Okay, after this has been configured, I tried to use Cargo to deploy my EAR file to JBoss. This is the configuration I ended up with:

<!-- *** Cargo plugin: deploy the application to running JBoss *** -->
<plugin>
<groupId>org.codehaus.cargo</groupId>
<artifactId>cargo-maven2-plugin</artifactId>
<version>1.0</version>
<configuration>
<wait>false</wait>
<!-- Container configuration -->
<container>
<containerId>jboss5x</containerId>
<type>remote</type>
</container>
<!-- Configuration to use with the Container -->
<configuration>
<type>runtime</type>
<properties>
<cargo.hostname>...</cargo.hostname>
<cargo.servlet.port>8080</cargo.servlet.port>
</properties>
</configuration>
<!-- Deployer configuration -->
<deployer>
<type>remote</type>
<deployables>
<deployable>
<location>...</location>
</deployable>
</deployables>
</deployer>
</configuration>

<executions>
<execution>
<id>deploy</id>
<phase>deploy</phase>
<goals>
<goal>deployer-redeploy</goal>
</goals>
</execution>
</executions>
</plugin>

However, I always got this error message:

[INFO] Failed to deploy to [http://...]
Server returned HTTP response code: 500 for URL: ...

The configuration seems to be correct, so what is the problem?

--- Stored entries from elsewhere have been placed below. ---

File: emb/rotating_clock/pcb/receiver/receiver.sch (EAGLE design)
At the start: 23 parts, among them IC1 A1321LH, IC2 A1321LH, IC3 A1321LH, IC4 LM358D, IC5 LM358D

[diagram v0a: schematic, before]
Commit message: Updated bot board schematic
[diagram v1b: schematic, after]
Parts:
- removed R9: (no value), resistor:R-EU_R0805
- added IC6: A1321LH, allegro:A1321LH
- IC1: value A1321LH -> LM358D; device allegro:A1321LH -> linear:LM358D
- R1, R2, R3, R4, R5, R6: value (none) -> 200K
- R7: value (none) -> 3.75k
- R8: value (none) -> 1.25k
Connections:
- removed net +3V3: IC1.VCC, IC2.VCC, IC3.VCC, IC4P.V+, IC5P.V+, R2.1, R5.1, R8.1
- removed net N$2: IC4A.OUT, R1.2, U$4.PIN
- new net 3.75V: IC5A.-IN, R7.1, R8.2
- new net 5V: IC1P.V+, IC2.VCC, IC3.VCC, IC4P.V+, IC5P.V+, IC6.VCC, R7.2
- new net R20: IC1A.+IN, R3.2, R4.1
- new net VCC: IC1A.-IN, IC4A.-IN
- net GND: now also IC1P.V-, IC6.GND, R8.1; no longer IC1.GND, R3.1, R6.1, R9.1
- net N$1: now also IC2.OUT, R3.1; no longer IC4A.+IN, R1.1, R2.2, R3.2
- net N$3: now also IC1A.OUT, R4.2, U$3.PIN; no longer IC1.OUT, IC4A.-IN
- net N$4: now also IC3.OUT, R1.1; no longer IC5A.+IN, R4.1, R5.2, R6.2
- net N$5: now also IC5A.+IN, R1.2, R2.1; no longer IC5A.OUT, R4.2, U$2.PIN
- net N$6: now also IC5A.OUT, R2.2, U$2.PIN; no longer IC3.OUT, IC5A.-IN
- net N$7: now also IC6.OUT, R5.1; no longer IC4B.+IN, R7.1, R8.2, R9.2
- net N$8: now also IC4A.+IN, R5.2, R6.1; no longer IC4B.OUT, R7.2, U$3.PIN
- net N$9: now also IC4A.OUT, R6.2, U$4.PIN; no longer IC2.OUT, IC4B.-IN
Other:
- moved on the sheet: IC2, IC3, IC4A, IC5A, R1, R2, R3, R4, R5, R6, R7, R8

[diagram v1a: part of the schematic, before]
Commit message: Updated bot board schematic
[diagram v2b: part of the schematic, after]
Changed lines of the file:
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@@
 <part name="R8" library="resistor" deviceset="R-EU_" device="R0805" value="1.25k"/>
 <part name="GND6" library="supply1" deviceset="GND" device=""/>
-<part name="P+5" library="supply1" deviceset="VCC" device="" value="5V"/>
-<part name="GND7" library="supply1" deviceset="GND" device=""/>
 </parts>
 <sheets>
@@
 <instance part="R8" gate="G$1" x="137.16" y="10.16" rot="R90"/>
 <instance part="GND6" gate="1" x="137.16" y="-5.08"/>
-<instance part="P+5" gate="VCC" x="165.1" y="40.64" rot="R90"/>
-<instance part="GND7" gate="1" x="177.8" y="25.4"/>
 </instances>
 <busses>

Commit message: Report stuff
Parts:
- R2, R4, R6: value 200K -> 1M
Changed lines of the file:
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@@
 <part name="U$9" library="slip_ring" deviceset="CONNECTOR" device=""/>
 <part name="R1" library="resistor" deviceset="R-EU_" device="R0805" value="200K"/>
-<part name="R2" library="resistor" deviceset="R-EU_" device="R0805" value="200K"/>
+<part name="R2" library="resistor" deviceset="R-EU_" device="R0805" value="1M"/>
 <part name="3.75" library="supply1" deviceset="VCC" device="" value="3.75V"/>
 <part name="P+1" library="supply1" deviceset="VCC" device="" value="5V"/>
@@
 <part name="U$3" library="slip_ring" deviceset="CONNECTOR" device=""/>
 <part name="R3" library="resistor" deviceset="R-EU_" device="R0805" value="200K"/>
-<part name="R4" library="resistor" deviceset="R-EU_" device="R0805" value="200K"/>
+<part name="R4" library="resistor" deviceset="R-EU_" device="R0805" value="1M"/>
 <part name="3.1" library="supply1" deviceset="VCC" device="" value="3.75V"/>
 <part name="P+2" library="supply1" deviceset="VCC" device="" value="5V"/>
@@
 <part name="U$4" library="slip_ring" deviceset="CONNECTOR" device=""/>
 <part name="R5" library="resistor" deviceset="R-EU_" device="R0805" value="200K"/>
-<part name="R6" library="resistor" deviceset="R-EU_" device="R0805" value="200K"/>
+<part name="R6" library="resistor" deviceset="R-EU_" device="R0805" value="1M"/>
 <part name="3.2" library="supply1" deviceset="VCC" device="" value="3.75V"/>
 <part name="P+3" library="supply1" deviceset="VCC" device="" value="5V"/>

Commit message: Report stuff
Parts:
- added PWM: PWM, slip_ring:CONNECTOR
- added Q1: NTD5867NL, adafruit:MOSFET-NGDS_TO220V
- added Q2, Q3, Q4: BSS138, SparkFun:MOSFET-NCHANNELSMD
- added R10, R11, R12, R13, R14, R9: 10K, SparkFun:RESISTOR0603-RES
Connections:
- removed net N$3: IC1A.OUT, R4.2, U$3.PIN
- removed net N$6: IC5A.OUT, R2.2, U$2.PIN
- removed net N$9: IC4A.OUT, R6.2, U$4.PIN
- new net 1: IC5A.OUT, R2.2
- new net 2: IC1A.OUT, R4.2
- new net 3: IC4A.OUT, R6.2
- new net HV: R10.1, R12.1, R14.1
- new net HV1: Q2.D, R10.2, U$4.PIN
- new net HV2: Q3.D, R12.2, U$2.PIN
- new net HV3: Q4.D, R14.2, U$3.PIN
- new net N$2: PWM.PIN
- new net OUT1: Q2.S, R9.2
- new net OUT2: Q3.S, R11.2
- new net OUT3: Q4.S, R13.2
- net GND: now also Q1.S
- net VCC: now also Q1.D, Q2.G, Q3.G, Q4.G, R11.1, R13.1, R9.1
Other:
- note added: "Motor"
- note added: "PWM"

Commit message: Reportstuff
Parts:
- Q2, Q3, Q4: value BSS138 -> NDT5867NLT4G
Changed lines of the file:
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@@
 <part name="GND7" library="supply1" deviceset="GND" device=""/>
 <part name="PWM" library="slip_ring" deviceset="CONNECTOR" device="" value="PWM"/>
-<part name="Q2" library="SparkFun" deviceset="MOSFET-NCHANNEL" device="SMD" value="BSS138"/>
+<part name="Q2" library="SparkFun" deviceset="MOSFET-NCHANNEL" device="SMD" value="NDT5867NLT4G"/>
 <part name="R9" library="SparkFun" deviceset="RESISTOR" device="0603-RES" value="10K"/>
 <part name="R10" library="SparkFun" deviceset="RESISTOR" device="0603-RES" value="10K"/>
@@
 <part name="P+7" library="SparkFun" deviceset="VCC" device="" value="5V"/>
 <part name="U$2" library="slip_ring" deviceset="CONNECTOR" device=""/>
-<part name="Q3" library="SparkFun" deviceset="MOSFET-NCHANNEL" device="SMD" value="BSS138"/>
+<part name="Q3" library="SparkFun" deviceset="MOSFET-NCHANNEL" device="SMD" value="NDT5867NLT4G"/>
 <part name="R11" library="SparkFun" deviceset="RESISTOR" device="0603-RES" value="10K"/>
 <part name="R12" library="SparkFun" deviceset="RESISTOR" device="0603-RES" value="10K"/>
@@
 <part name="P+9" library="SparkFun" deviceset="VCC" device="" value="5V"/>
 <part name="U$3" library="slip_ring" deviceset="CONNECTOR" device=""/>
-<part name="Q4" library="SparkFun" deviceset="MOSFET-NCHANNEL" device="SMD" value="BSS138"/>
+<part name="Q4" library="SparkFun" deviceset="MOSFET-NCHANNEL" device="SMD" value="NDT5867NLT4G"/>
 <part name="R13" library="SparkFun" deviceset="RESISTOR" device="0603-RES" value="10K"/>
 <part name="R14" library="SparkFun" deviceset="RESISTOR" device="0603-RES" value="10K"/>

After asking Google, I realized that Cargo is not able to transfer a file to JBoss! Instead, it requires the deployable to be deployed to be present on the server filesystem (see here). This is obviously caused by the JBoss JMX deployer which is used by Cargo, but actually you don't care who is to blame – you just want it to work. The name "Cargo" implies the parcel is transferred to its destination, right? Also note that this issue is dated from Sep 2006, so there has been some time to fix it in either way.

What Can We Do?

Well, there are probably not many options. Since current version of Cargo is not able to transfer the file to the server, you'd have to do this on your own. The location given in our Cargo configuration above actually is the path on the JBoss server. So, when the file exists locally on the JBoss server, Cargo should be able to deploy it successfully.

For transferring the file to JBoss server, we could use the maven-dependency-plugin, a quite useful plugin for all kind of analyzing, copying or unpacking artifacts. We configure it to run in pre-integration-test phase and to copy the EAR file (produced by this POM) to some temp directory on the JBoss server:

<plugin>
<groupId>org.apache.maven.plugins</groupId>
<artifactId>maven-dependency-plugin</artifactId>
<executions>
<execution>
<id>copy</id>
<phase>install</phase>
<goals>
<goal>copy</goal>
</goals>
<configuration>
<artifactItems>
<artifactItem>
<groupId>${project.groupId}</groupId>
<artifactId>${project.artifactId}</artifactId>
<version>${project.version}</version>
<type>${project.packaging}</type>
<destFileName>test.ear</destFileName>
</artifactItem>
</artifactItems>
<outputDirectory>${publish.tempdir}</outputDirectory>
<overWrite>true</overWrite>
</configuration>
</execution>
</executions>
</plugin>

The property ${publish.tempdir} can be anything on the JBoss server (which must be available in the network!) and is exactly what has to be used for the value of location element in Cargo configuration.

Another option would be to use the hot-deploy directory of JBoss as outputDirectory for the dependency plugin, and hence rely on hot deployment of JBoss instead of Cargo and JBoss JMX deployer. This way, we could get rid of Cargo configuration and cleanup the POM a bit, but in the end it seemed a bit less clean to me... your mileage may vary.

So, as always, in the end we got it to work, but not without unforeseen pain. When will Cargo be fixed to get the EAR file to JBoss server? Who knows.

Updates

2010/01/22: Note that the dependency plugin must be bound after the install phase so that the artifact has been copied at least to your local Maven repository. As a consequence, the Cargo plugin must be run in deploy phase, which is actually a good choice anyways. I have changed this in my code above.